PROBLEM REQUIREMENTS ▸
Out of the lines below, please list those that hold the string "entryY".

PROVIDED RECORDS ▸
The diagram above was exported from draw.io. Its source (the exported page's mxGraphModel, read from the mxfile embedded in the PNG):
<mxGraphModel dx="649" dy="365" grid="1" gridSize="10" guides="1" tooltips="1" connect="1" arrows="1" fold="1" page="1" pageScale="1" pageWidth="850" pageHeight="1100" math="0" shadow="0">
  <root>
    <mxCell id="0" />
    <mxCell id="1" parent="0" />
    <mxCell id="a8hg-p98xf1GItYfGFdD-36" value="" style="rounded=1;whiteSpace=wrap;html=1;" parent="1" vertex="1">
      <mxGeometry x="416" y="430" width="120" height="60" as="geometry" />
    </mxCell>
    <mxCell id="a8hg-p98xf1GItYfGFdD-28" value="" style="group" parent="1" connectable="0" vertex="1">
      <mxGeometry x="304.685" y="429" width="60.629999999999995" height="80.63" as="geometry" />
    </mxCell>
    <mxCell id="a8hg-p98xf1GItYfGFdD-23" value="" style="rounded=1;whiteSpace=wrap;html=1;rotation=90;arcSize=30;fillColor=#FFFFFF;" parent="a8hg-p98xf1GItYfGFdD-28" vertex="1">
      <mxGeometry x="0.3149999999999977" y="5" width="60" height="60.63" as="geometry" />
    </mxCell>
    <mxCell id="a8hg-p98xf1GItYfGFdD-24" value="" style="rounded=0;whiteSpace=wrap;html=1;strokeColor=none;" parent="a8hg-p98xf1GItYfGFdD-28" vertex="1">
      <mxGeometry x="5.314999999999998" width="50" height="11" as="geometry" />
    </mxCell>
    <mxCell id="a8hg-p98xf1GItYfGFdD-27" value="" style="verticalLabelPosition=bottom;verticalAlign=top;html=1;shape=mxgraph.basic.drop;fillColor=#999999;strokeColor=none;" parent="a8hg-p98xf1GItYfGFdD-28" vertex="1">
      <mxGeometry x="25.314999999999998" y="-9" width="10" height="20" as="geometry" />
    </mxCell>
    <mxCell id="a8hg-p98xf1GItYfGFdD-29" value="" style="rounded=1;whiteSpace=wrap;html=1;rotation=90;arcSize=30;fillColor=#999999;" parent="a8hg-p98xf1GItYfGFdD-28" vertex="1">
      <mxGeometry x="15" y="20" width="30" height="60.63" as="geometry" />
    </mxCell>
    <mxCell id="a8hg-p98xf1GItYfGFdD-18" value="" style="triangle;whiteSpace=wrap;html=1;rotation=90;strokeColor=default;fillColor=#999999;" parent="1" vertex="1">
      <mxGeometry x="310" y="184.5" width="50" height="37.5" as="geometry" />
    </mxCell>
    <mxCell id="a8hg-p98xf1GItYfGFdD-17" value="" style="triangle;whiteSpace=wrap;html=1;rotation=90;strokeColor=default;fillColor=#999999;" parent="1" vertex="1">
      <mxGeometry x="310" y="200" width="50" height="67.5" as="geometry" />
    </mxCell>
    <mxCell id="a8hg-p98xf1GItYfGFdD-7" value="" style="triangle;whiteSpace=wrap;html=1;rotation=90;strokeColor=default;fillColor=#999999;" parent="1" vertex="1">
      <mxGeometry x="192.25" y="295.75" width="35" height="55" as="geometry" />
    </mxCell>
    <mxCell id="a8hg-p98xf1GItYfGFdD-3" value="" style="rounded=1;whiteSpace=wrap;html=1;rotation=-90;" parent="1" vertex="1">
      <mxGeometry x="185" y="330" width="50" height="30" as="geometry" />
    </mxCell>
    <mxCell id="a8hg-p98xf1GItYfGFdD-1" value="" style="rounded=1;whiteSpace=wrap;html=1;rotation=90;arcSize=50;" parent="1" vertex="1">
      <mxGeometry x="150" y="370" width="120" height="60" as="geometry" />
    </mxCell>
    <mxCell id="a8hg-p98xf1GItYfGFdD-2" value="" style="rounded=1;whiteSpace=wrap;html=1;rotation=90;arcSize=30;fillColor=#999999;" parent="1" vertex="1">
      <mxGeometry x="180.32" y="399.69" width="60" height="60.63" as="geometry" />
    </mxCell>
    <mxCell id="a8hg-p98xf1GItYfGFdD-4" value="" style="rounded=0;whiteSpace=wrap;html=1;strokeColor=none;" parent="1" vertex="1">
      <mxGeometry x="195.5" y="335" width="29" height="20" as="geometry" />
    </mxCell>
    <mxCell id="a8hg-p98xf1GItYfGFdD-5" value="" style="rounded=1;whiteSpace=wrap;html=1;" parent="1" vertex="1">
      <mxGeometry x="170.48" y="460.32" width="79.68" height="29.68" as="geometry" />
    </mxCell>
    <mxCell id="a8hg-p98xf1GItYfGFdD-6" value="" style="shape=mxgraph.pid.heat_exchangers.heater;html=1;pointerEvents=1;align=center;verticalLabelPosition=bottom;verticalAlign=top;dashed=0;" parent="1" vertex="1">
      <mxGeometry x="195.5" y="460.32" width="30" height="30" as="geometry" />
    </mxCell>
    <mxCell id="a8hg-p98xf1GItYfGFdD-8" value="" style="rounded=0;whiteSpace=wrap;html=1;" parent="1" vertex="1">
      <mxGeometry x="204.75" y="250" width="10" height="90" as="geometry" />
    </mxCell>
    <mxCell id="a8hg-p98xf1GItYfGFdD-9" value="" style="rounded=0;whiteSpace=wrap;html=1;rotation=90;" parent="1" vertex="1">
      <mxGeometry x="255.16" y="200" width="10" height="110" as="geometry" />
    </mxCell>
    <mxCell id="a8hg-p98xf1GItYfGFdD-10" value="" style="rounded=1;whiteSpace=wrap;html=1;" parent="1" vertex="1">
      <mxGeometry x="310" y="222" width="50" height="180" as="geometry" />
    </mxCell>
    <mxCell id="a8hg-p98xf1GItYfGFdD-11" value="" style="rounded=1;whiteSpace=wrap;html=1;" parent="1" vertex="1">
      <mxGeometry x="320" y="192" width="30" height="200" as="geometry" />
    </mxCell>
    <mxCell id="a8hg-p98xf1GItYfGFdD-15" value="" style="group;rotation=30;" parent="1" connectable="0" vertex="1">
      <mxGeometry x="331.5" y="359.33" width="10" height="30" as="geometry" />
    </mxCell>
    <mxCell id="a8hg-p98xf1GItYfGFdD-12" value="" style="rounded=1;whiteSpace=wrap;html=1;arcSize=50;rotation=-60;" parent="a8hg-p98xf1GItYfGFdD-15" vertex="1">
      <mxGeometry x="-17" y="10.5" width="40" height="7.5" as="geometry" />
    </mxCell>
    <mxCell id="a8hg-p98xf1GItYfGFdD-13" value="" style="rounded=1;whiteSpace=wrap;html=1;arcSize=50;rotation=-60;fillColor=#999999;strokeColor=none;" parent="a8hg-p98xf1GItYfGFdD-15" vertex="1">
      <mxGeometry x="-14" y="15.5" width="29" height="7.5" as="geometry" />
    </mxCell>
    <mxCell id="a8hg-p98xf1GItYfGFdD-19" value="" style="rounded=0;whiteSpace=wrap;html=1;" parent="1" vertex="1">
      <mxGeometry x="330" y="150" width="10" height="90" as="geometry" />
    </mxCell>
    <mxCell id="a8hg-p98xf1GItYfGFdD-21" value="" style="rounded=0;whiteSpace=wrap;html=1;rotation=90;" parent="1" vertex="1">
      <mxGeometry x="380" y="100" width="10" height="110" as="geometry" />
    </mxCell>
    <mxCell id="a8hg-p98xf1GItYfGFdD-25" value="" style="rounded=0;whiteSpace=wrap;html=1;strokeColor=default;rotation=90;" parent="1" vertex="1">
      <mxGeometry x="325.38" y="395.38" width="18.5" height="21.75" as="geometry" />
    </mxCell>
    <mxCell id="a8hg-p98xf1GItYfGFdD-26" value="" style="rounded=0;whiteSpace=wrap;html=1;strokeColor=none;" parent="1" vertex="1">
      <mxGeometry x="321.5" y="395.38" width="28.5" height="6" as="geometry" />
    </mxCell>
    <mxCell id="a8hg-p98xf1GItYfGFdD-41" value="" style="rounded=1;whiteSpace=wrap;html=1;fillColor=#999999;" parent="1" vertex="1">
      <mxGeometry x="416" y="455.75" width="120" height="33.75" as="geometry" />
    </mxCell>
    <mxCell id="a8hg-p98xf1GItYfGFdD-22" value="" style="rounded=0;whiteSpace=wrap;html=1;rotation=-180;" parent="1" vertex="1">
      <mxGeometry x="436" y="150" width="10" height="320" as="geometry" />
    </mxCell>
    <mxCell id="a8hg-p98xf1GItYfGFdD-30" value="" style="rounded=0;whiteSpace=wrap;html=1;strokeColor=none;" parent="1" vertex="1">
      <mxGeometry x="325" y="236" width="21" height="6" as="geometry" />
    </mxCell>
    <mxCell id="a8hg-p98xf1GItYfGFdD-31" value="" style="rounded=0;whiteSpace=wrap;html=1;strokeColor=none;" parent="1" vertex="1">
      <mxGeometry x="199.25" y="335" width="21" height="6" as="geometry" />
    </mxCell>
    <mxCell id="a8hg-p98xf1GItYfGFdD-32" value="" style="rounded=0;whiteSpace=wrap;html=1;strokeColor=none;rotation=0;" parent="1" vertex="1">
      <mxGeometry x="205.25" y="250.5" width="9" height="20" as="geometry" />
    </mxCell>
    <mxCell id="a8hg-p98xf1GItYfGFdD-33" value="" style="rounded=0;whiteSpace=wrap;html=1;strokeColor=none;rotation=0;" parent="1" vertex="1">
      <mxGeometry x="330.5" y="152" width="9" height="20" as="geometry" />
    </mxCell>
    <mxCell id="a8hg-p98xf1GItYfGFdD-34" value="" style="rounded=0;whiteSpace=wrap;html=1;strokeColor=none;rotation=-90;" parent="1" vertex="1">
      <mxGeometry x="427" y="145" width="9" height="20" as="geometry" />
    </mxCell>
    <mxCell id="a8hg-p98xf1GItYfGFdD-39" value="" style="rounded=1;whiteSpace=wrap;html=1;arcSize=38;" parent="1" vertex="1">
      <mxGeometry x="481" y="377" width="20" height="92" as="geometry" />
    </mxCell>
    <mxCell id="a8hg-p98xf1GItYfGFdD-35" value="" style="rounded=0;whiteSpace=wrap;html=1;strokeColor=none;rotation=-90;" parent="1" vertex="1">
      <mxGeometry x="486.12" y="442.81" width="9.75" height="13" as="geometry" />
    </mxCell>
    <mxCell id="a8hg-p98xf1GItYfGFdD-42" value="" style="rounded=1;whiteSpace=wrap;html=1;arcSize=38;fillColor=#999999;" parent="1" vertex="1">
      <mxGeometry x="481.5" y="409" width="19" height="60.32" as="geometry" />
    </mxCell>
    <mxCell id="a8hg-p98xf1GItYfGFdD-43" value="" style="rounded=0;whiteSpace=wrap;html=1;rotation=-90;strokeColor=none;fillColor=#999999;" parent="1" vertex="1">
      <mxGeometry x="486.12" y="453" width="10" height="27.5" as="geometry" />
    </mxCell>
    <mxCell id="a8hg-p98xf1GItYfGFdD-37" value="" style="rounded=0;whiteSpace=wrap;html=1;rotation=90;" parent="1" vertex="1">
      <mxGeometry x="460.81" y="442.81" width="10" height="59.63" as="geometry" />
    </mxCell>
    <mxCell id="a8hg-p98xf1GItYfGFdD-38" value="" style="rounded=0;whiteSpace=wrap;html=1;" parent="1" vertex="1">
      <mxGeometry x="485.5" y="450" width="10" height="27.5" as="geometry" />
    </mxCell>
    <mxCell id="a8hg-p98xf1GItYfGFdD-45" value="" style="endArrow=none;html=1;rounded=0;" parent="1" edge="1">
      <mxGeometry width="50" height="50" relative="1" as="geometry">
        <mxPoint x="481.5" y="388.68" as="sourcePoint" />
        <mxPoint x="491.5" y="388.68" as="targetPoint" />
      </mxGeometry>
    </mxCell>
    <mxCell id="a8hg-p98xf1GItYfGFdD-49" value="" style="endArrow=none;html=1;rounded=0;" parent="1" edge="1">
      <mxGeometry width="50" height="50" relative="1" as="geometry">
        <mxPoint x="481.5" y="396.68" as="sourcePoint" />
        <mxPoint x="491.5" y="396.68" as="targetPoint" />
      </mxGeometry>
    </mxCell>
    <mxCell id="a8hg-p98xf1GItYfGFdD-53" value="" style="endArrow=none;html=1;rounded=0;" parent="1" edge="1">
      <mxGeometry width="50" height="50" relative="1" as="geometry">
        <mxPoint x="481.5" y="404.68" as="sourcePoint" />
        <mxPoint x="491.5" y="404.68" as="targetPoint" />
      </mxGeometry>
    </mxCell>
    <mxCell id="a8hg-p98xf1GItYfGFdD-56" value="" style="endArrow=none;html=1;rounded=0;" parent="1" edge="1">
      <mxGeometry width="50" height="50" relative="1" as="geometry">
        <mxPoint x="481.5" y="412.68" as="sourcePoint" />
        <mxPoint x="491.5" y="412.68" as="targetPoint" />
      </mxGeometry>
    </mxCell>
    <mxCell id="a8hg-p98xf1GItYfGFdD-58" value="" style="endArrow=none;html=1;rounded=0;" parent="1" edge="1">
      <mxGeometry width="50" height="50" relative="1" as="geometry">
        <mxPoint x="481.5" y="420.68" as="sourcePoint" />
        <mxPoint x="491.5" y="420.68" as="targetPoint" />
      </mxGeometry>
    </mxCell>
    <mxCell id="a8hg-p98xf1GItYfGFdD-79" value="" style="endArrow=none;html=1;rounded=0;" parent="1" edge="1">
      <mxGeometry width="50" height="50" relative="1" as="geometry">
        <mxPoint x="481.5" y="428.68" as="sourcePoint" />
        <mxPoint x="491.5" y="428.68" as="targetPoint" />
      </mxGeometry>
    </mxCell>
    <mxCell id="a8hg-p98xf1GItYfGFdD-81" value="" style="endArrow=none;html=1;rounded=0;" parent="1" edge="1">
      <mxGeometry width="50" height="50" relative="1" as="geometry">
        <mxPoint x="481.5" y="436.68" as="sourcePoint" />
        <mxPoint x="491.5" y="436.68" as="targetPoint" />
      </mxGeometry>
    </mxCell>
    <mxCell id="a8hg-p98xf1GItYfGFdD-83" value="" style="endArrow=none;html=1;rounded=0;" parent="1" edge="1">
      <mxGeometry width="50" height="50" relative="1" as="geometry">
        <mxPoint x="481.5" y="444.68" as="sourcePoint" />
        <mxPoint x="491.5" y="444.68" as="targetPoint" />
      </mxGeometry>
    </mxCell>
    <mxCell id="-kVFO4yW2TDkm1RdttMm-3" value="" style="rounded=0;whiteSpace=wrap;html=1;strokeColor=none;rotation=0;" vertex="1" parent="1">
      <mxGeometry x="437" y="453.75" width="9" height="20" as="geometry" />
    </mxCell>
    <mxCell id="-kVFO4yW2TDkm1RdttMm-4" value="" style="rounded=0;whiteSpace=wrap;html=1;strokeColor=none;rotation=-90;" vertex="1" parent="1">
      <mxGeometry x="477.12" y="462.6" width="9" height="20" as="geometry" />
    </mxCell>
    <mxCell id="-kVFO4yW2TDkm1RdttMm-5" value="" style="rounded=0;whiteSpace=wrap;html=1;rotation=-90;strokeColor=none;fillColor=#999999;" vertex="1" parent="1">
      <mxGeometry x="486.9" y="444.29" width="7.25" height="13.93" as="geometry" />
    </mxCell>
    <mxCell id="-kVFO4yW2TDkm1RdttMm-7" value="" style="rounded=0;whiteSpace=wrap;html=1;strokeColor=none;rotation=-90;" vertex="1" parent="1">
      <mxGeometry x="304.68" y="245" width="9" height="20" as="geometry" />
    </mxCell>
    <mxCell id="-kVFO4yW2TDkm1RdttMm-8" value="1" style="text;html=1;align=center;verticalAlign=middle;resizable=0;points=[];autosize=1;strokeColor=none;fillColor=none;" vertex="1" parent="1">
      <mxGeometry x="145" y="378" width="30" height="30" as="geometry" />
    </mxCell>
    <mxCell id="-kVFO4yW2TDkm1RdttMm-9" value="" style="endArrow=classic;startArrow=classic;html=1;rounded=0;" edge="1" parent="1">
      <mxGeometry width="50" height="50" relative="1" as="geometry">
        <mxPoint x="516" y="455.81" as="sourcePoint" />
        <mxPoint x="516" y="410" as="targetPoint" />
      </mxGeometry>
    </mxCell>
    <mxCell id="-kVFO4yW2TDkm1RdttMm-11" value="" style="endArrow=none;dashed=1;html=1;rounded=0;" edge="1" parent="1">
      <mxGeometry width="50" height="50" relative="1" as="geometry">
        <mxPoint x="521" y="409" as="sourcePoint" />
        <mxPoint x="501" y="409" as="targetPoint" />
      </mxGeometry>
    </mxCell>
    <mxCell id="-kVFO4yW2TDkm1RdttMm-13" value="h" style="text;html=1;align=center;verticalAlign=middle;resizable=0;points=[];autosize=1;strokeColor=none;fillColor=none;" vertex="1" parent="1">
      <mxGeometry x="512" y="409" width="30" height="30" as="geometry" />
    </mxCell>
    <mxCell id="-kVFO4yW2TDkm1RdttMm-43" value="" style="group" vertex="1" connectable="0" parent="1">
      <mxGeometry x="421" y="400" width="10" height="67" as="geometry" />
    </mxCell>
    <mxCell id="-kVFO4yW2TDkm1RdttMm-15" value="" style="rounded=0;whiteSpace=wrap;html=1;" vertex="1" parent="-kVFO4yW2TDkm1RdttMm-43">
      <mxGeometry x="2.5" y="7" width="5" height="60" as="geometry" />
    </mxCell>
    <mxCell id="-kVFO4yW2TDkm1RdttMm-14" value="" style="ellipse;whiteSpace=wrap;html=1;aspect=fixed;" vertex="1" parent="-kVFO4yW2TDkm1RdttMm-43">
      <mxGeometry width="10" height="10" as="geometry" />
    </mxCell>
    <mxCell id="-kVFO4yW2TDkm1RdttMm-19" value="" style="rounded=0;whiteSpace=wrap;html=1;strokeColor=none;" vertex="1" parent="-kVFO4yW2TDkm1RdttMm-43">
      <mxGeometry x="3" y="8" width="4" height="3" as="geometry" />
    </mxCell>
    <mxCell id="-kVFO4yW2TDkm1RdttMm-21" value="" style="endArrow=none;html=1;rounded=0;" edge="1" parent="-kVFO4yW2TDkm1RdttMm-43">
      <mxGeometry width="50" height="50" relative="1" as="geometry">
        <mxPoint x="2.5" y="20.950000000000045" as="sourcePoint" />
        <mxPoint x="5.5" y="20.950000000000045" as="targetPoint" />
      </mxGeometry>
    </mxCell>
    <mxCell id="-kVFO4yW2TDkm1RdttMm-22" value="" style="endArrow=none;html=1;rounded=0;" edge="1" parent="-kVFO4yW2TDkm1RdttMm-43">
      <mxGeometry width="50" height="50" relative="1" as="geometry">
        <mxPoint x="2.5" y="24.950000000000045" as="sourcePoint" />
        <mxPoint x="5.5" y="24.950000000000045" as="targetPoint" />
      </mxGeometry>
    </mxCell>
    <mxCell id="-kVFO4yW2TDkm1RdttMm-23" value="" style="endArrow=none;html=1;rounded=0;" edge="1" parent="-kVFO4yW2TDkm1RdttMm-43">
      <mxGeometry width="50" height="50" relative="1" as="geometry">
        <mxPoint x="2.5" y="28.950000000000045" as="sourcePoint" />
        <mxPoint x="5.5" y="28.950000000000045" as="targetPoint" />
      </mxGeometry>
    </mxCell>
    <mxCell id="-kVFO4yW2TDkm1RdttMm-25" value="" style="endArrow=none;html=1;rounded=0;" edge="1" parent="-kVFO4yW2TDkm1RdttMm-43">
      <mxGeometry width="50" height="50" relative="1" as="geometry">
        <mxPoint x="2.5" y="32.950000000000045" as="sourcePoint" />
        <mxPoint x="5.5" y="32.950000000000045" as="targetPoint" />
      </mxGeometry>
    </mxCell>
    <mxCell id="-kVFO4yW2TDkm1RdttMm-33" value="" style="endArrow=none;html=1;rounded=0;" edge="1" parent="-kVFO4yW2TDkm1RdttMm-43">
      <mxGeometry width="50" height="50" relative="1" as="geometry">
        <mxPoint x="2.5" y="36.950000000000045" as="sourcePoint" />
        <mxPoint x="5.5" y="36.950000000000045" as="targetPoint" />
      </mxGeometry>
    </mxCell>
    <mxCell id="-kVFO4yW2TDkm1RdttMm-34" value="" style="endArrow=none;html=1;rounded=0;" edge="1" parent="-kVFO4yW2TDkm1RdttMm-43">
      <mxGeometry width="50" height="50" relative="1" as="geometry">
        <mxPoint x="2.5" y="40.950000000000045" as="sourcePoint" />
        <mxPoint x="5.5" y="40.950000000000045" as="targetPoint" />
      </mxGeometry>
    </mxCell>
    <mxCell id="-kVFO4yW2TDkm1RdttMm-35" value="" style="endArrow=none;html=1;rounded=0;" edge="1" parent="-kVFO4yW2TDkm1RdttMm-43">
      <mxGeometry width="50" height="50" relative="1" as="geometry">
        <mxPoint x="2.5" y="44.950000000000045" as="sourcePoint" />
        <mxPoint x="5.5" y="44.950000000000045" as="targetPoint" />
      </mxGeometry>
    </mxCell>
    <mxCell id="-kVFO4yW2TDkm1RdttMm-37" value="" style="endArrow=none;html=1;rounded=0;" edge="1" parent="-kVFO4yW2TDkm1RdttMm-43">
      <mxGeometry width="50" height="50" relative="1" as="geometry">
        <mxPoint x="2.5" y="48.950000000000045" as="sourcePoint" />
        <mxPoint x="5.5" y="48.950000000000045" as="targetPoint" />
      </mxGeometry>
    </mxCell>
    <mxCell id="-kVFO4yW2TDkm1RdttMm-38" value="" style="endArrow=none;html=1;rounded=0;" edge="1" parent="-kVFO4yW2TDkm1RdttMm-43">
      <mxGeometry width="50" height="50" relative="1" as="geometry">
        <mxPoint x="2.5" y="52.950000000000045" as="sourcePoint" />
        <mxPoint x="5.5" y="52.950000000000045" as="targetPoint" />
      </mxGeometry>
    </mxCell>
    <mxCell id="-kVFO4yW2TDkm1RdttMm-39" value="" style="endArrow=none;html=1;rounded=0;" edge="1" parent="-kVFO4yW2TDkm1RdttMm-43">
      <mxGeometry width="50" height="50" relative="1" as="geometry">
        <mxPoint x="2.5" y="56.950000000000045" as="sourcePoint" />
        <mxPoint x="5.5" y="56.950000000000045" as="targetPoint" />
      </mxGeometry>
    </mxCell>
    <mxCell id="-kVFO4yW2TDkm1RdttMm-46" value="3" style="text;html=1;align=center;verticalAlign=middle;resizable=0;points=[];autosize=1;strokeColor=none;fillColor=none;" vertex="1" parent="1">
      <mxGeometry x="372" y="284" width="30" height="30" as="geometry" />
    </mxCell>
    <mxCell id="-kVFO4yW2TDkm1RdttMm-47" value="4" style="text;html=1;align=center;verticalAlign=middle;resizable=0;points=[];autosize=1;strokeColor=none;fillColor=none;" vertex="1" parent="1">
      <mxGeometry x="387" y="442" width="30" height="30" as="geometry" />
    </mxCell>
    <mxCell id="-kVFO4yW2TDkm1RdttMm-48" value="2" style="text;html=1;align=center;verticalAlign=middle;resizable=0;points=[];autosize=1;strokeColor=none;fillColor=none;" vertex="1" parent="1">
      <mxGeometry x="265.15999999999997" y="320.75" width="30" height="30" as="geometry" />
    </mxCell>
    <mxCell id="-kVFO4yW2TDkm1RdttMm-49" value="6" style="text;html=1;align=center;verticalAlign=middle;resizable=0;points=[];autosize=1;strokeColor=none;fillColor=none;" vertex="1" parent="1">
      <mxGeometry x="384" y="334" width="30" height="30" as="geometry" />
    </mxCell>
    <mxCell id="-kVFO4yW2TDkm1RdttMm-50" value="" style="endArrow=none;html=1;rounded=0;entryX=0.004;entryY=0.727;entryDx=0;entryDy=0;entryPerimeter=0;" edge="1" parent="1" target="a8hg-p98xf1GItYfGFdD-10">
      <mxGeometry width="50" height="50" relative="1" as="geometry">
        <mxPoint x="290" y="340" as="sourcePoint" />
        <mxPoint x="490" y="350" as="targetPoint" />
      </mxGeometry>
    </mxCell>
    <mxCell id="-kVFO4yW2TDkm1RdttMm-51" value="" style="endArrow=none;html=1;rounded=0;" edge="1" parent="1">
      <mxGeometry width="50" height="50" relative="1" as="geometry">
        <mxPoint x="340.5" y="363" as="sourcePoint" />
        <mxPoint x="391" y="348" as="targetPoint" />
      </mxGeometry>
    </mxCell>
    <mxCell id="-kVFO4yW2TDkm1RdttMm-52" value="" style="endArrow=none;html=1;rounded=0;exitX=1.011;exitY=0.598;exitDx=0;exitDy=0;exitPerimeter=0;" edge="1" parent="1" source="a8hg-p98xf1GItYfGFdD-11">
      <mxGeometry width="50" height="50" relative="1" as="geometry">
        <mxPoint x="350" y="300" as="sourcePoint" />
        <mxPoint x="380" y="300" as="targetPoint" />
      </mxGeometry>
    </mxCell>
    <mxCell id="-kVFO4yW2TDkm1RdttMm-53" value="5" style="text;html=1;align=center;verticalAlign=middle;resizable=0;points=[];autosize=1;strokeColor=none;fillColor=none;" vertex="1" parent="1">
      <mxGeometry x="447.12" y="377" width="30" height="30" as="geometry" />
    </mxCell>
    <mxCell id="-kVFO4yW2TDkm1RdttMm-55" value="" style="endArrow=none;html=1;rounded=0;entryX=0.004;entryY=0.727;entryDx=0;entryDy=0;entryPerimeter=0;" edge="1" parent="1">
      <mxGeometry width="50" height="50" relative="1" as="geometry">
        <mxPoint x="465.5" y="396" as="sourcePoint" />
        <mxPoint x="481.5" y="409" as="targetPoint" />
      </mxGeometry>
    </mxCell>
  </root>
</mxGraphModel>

ANSWER SPACE ▸
    <mxCell id="-kVFO4yW2TDkm1RdttMm-50" value="" style="endArrow=none;html=1;rounded=0;entryX=0.004;entryY=0.727;entryDx=0;entryDy=0;entryPerimeter=0;" edge="1" parent="1" target="a8hg-p98xf1GItYfGFdD-10">
    <mxCell id="-kVFO4yW2TDkm1RdttMm-55" value="" style="endArrow=none;html=1;rounded=0;entryX=0.004;entryY=0.727;entryDx=0;entryDy=0;entryPerimeter=0;" edge="1" parent="1">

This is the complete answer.